# Automatic battery bottom balancer



## morse90 (Mar 23, 2010)

Am having an automatic battery bottom balancer made which I will probably sell on my website. Would EV builders be interested in purchasing?

Cheers
Theo

www.evbuilders.co.nz


----------



## e_canuck (May 8, 2008)

Hi morse90.

I don't know, yet, enough about lithium packs to make a call like that.

But I know enough to ask a few questions.

The packs have lithium cells in parallel and in series. We charge the series individualy. (Does this sound like English?)

How many cells could the charger handle? At 3.3v a pack of 144V would require 42 or 43 cells.

If I buy two or more will they talk to each other?

Will your unit work on North American house current 110V or 220V?

How about a charging station?









Edit:

What price range are we talking about?

Daniel


----------



## morse90 (Mar 23, 2010)

Hi Daniel, this would not be a charger but a battery bottom balancer. So what it would do is would discharge an individual cell to 2.75 volts which is just before the knee of the discharge curve or a standard lithium cell. You woud do this to every cell till all cells were sitting at 2.75 volts. Then using a charger of your choice you would charge to your pack to it top voltage. For example 144 volts. Basically bottom balancing projects your cells so if you discharge you pack completely so the car does not even move anymore. Which you don't really want to do none of the cells would go out of alignment and discharge below a safe recoverable voltage. Does this make sense?


----------



## Duncan (Dec 8, 2008)

Hi Morse

How much are you looking at?
I have a PowerLab6 that can do that (as well as everything else) it cost ~ $160

I even think my RC charger I bought for $17 can do that as well


----------



## e_canuck (May 8, 2008)

Hello morse.

As stated I am new to the lithium concepts.

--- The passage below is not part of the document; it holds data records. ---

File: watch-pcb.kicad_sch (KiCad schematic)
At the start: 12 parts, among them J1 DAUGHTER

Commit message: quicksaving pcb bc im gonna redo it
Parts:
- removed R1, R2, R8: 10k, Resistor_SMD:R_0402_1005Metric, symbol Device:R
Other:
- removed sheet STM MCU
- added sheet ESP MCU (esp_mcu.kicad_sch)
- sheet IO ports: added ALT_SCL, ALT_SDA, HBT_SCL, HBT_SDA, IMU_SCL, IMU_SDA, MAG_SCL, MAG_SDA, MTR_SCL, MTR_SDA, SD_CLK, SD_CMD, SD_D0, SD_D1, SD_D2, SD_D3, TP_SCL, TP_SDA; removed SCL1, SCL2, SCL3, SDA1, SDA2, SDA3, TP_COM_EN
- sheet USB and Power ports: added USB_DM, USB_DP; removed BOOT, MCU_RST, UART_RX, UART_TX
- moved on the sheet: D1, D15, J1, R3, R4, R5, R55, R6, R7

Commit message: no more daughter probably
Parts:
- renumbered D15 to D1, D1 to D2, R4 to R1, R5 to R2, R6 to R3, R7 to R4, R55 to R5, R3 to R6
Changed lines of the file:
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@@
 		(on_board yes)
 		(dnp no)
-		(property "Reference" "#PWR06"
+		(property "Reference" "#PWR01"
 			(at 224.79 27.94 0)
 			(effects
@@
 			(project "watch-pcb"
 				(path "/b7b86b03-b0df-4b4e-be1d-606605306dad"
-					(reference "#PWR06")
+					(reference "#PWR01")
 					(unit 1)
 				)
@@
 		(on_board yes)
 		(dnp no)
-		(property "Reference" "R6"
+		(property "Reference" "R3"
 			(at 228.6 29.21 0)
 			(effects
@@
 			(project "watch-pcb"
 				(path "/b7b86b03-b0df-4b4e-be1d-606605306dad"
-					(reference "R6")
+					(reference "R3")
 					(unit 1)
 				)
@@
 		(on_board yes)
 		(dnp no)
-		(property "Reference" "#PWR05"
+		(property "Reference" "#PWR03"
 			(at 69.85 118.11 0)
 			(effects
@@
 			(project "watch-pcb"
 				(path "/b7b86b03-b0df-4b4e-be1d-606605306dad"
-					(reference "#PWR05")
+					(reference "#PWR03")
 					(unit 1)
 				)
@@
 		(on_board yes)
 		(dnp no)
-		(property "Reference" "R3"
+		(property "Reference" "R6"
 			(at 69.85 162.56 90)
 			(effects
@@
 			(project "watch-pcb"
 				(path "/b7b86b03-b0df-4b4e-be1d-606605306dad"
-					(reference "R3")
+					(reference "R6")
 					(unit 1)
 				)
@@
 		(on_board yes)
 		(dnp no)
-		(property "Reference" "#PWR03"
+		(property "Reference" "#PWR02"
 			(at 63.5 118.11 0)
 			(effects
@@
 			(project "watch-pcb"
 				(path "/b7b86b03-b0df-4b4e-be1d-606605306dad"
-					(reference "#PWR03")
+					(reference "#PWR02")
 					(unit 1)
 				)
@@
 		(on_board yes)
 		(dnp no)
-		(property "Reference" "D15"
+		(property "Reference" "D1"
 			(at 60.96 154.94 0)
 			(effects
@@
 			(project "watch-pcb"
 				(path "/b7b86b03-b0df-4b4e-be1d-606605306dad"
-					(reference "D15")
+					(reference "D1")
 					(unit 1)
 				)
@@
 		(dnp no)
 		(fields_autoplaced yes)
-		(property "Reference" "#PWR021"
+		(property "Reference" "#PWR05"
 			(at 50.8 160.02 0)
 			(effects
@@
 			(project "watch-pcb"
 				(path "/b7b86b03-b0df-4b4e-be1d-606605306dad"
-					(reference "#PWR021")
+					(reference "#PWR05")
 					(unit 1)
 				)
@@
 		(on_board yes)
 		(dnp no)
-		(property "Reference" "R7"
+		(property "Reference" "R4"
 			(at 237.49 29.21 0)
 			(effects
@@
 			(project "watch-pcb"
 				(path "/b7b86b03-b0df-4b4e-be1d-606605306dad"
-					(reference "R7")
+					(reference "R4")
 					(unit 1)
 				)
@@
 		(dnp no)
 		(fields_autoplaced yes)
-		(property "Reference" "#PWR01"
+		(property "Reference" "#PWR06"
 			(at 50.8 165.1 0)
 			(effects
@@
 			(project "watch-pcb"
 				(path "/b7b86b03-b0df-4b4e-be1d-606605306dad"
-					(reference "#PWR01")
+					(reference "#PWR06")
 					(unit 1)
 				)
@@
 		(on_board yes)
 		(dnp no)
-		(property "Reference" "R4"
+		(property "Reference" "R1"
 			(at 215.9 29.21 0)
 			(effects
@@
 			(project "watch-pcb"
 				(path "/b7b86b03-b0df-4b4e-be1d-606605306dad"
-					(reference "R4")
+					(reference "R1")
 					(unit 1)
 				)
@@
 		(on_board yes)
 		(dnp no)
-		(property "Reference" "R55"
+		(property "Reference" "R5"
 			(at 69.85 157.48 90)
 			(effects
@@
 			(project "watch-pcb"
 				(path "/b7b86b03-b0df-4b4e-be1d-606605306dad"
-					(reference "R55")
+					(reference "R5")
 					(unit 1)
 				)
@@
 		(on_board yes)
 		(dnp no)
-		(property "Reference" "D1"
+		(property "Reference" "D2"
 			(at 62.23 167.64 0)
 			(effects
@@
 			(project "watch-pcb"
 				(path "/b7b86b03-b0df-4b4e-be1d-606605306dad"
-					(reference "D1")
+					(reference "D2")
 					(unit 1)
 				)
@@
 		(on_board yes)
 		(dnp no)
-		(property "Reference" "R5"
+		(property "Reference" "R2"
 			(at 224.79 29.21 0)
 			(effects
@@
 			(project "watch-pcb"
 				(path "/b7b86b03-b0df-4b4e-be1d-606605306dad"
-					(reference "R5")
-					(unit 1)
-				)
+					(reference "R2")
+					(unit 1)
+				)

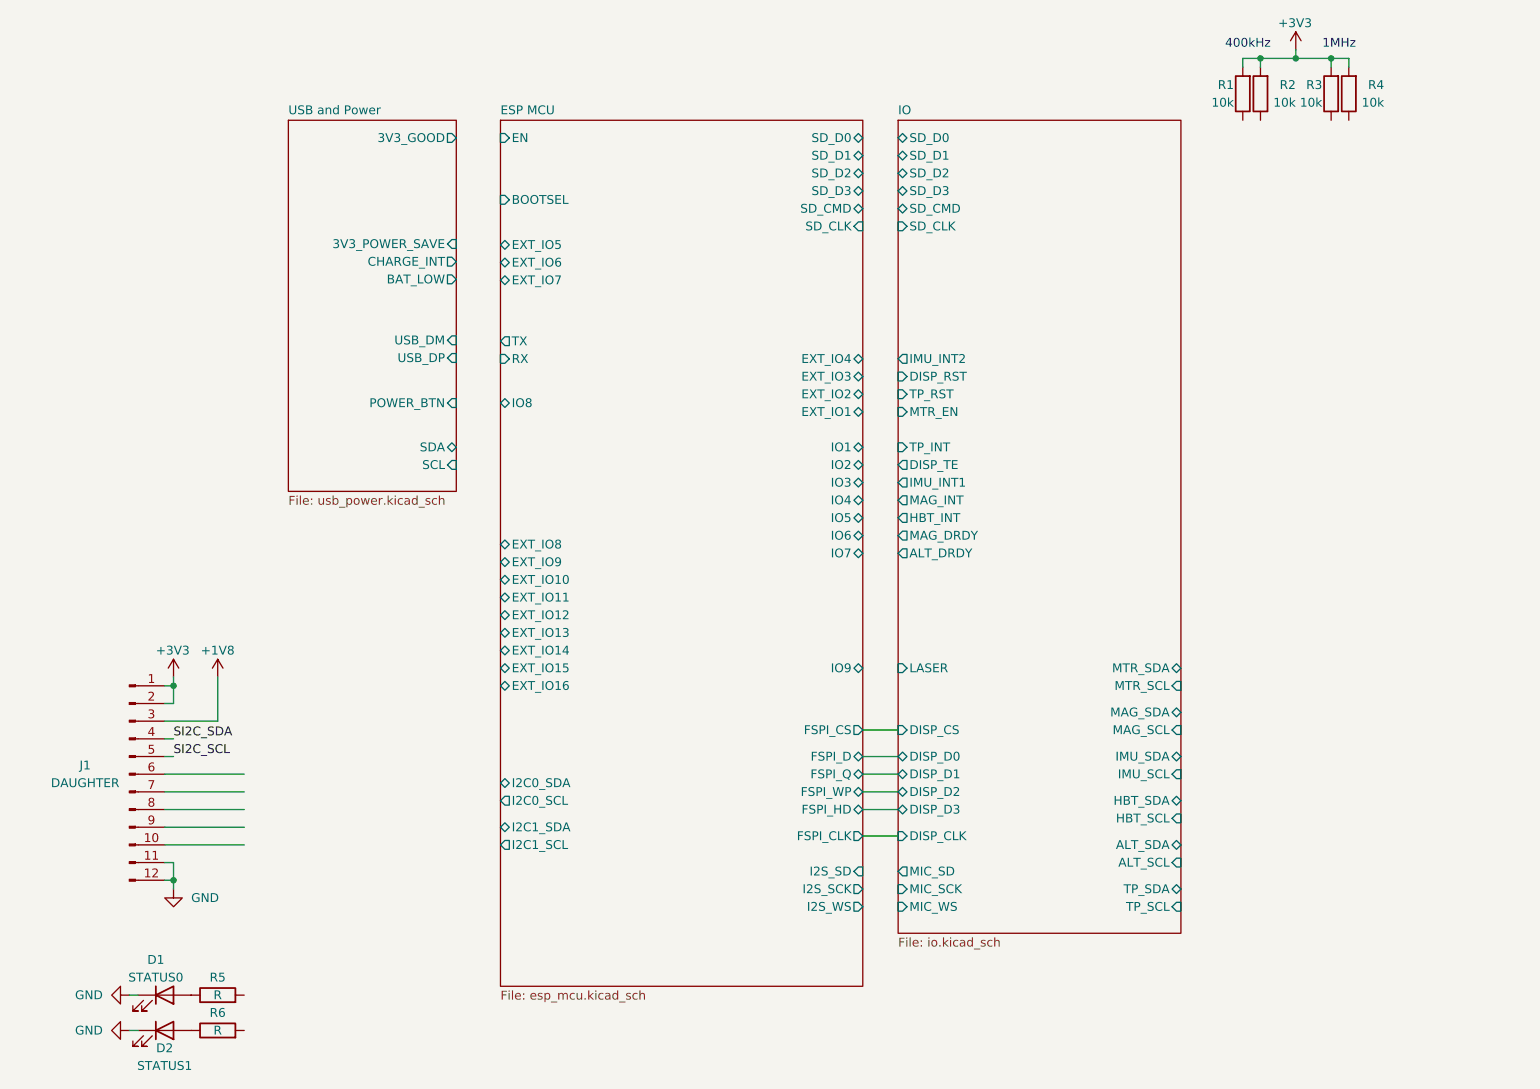
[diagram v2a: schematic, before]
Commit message: basically done with board layout, gonna try to do a smaller one (47->42mm diameter)
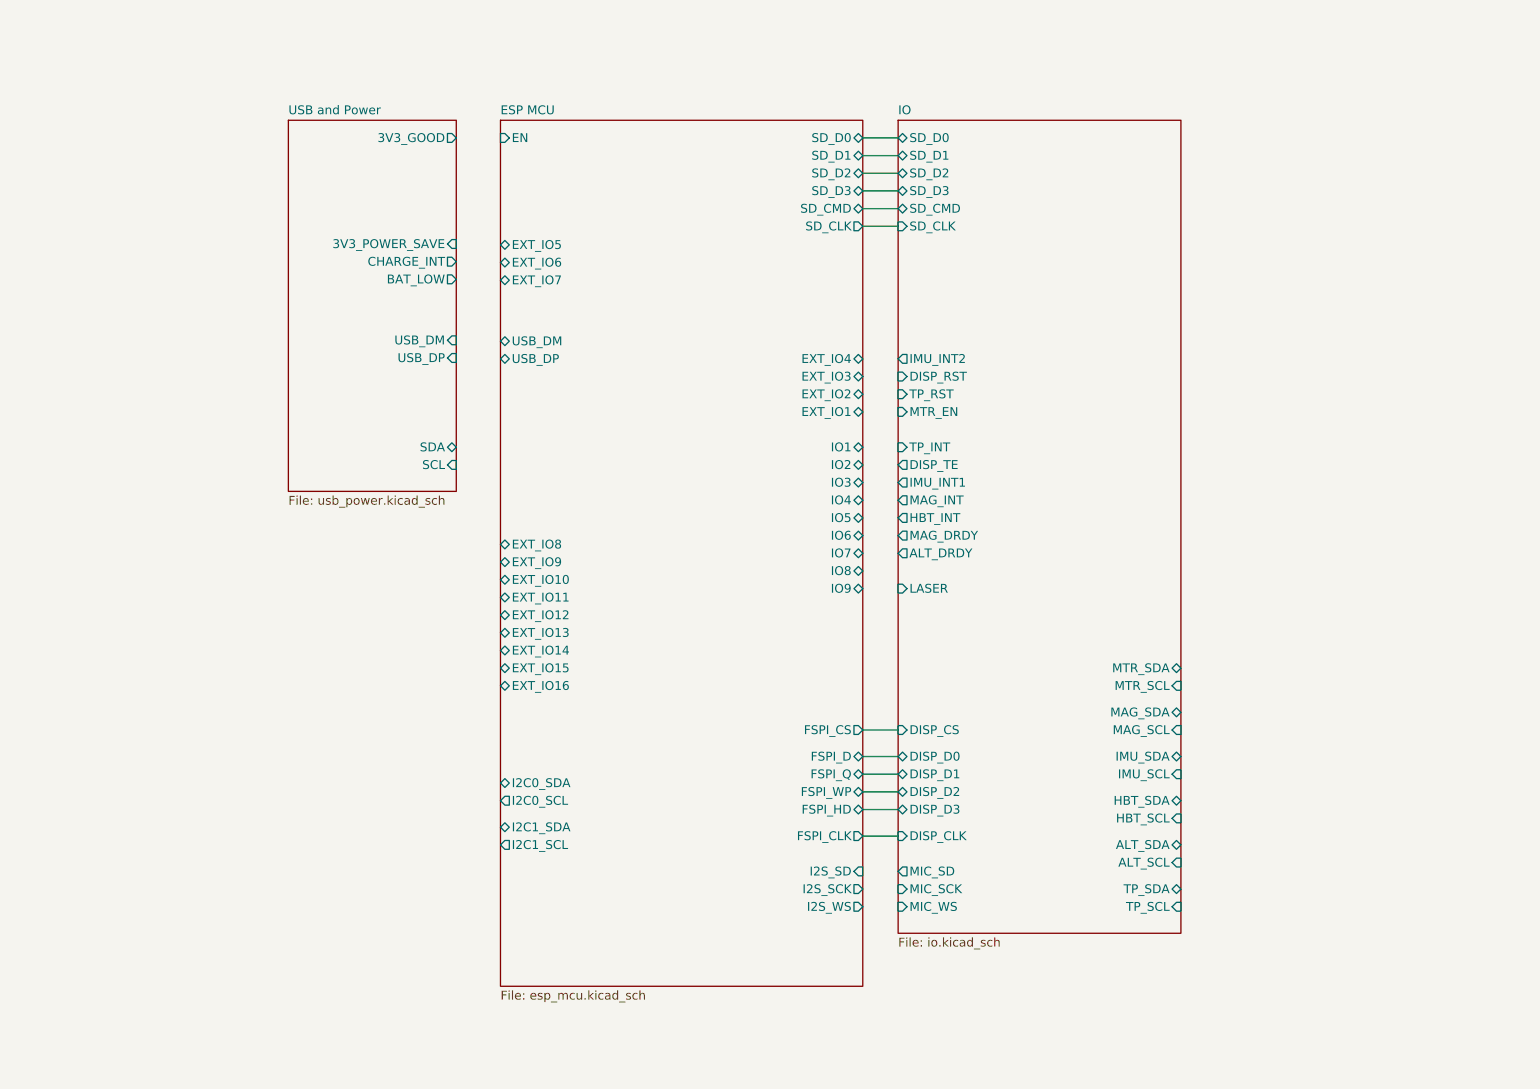
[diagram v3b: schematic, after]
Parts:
- removed D1: STATUS0, LED_SMD:LED_0402_1005Metric, symbol Device:LED
- removed D2: STATUS1, LED_SMD:LED_0402_1005Metric, symbol Device:LED
- removed J1: DAUGHTER, Connector_FFC-FPC:TE_1-1734839-2_1x12-1MP_P0.5mm_Horizontal, symbol Connector:Conn_01x12_Pin
- removed R1, R2, R3, R4: 10k, Resistor_SMD:R_0402_1005Metric, symbol Device:R
- removed R5, R6: R, Resistor_SMD:R_0402_1005Metric, symbol Device:R
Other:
- sheet ESP MCU ports: added USB_DM, USB_DP; removed BOOTSEL, RX, TX
- sheet USB and Power ports: added none; removed POWER_BTN
- note removed: "1MHz"
- note removed: "400kHz"

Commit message: layout done probably
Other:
- sheet ESP MCU ports: added none; removed IO9
- sheet IO ports: added ALS_INT, ALS_SCL, ALS_SDA, BTN_1, BTN_2, BTN_3, LIGHT; removed none

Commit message: finally routed the memory :D
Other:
- sheet ESP MCU ports: added IO9, USB_D+, USB_D-; removed USB_DM, USB_DP
- sheet USB and Power ports: added QON, USB_D+, USB_D-; removed USB_DM, USB_DP
- note added: "100 mA max 1V8 1 A max 3V3 1 A max system current"
- note added: "400 mA max 3V3 440 mA max total"
- note added: "70 mA max 1V8 500 mA max 3V3 570 mA max total"
- note added: "Good"
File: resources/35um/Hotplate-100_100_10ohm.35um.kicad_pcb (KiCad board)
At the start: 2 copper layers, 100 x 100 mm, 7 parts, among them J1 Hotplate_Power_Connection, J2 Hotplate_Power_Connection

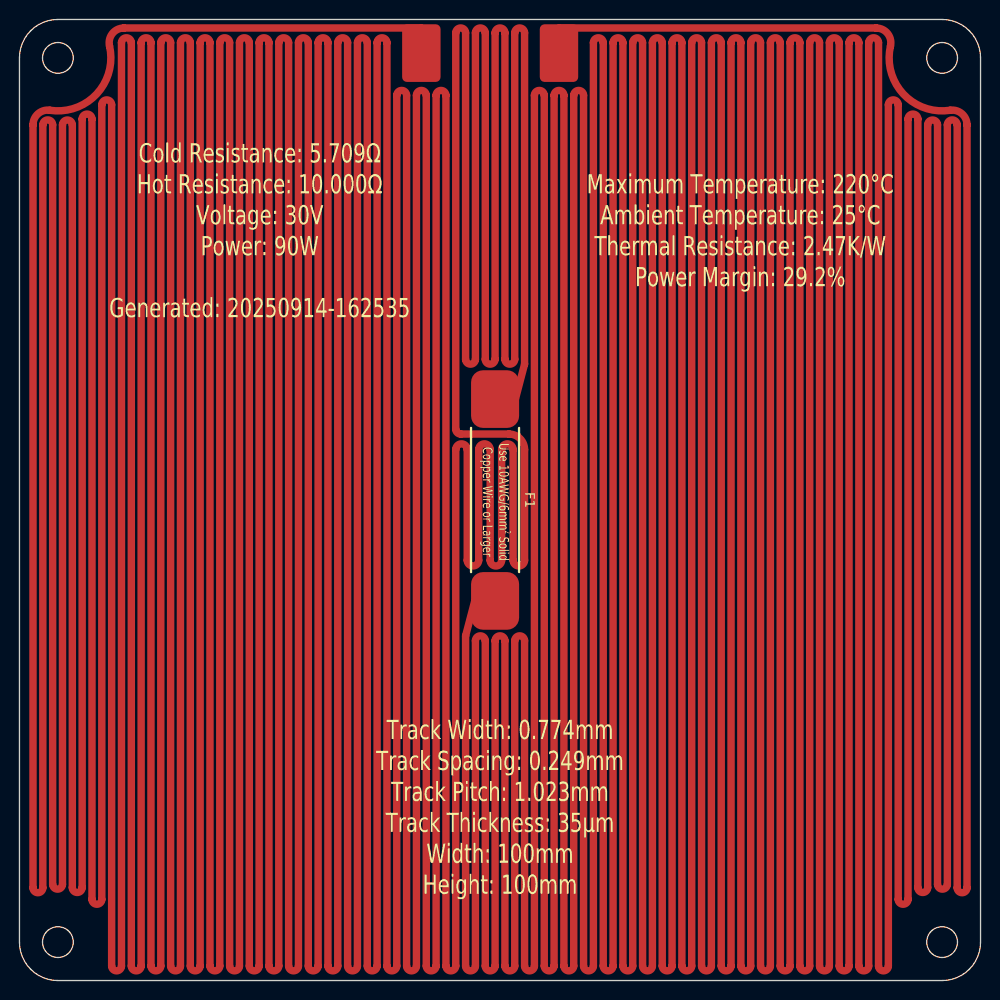
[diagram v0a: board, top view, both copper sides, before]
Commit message: Replaced obsolete 25mm thermal fuse footprint with new 35mm thermal fuse footprint.
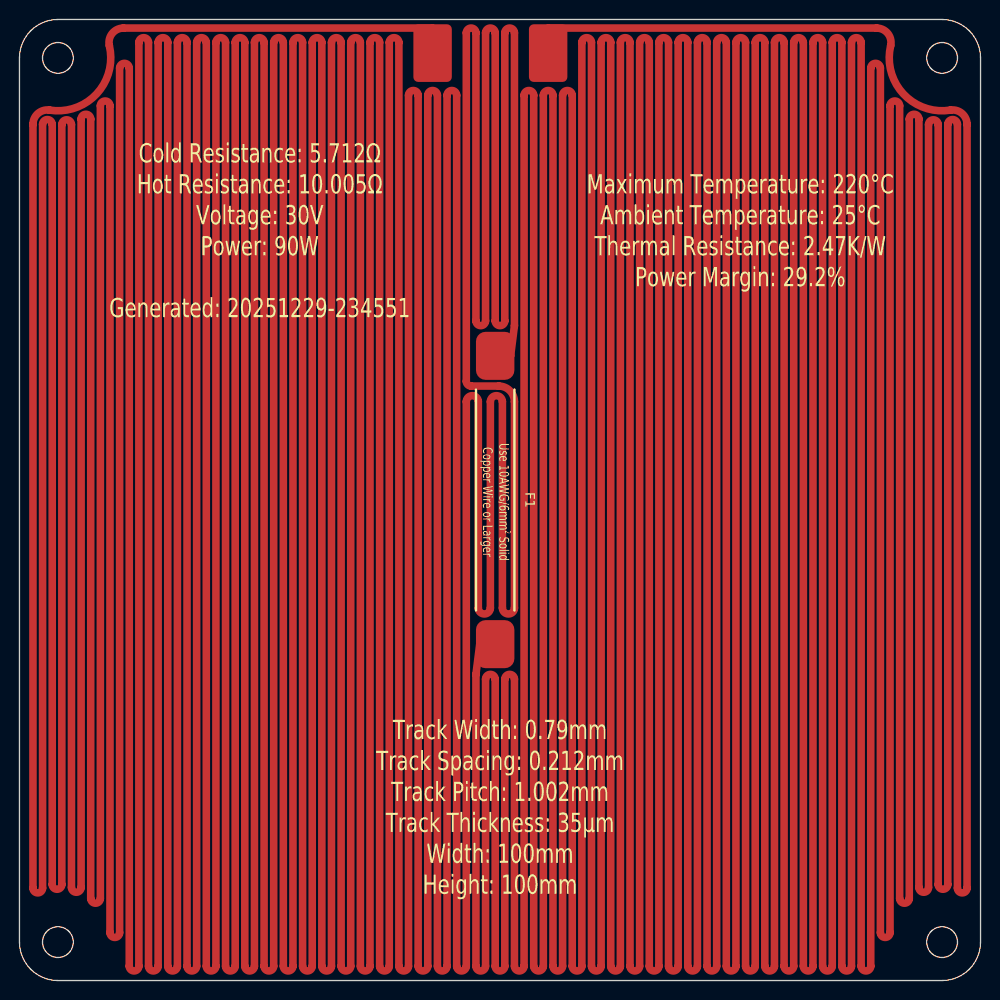
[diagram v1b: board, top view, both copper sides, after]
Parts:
- F1: footprint blg:Thermal Fuse, Front, 25mm -> blg:Thermal Fuse, SN100C, Front, 35mm
- moved J1 1.17 mm to (98.0, 58.5)
- moved J2 1.13 mm to (110.0, 58.5)
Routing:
- net Net-(J1-Pin_1): track 4510.5 -> 4613.9 mm
- net Net-(J2-Pin_1): track 4522.8 -> 4615.0 mm
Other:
- board text added: "Cold Resistance: 5.712Ω Hot Resistance: 10.005Ω Voltage: 30V Power: 90W Generated: 20251229-234551"
- board text added: "Track Width: 0.79mm Track Spacing: 0.212mm Track Pitch: 1.002mm Track Thickness: 35µm Width: 100mm Height: 100mm"
- board text removed: "Cold Resistance: 5.709Ω Hot Resistance: 10.000Ω Voltage: 30V Power: 90W Generated: 20250914-162535"
- board text removed: "Track Width: 0.774mm Track Spacing: 0.249mm Track Pitch: 1.023mm Track Thickness: 35µm Width: 100mm Height: 100mm"

I was thinking that bottom balancing means finding the lowest battery and depleeting the others to that level before recharging...

You wouldn't do that every time. Would you? Seems like a waste of power. Kind of the same as deep cycling nicads.

Daniel


----------



## morse90 (Mar 23, 2010)

Every battery has a different capacity I wouldn't take my batteries to much lower than the manufactures specs.At the top but the bottom is usually the same to my understanding. You should really only need to bottom balance when you first install you pack and then maybe check it every year or 6 months. Yes you do not end up using a small amount of power at the the top end but the only safe way to use that with out over charging some cells is to use a really good bms and they have also been known to destroy batteries in the past which is costly. I chose to bottom balance once a year and operate that way. No bms needed. Have been driving my EV for just over an year and half now with no problems. evtv did a really good piece on it a while back.


----------



## morse90 (Mar 23, 2010)

Hey Duncan,

Yes you can do with a power lab and those little rc units but they usually only discharge at 5 amps max.The power lab discharges more i know. But when I tired with power lab etc it did not account for the bounce back on the cell. So was not really automatic. It would discharge cell then stop. I would then need to wait for the cell to bounce back and run the whole process again. I wanted a system which was completely automatic which would account for this. So it would discharge cell wait for bounce back the repeat process till the cell was stable at 2.75 volts. Then once this process is completed simply clip it on to the next cell. Was, looking at it costing $80 to $90 NZ dollars at the moment but we are still working it out. Also will be configurable to you can choose the voltage you want to bottom balance really easily...no confusing menu's for beginners.


----------



## Duncan (Dec 8, 2008)

_no confusing menu's for beginners._

I see you have used a power lab!!


----------



## pm_dawn (Sep 14, 2009)

Well the whole line of iCharger has this implemented already.
They can be setup to taper off the discharge current down to 1% of the starting current. So that would pretty much do it for you, plus they do regen discharge if you want. I have their Biggest and Badest the i4010 Duo. it can do 40A charge and discharge and have two seperate channels. I'm doing capacity test right now with it.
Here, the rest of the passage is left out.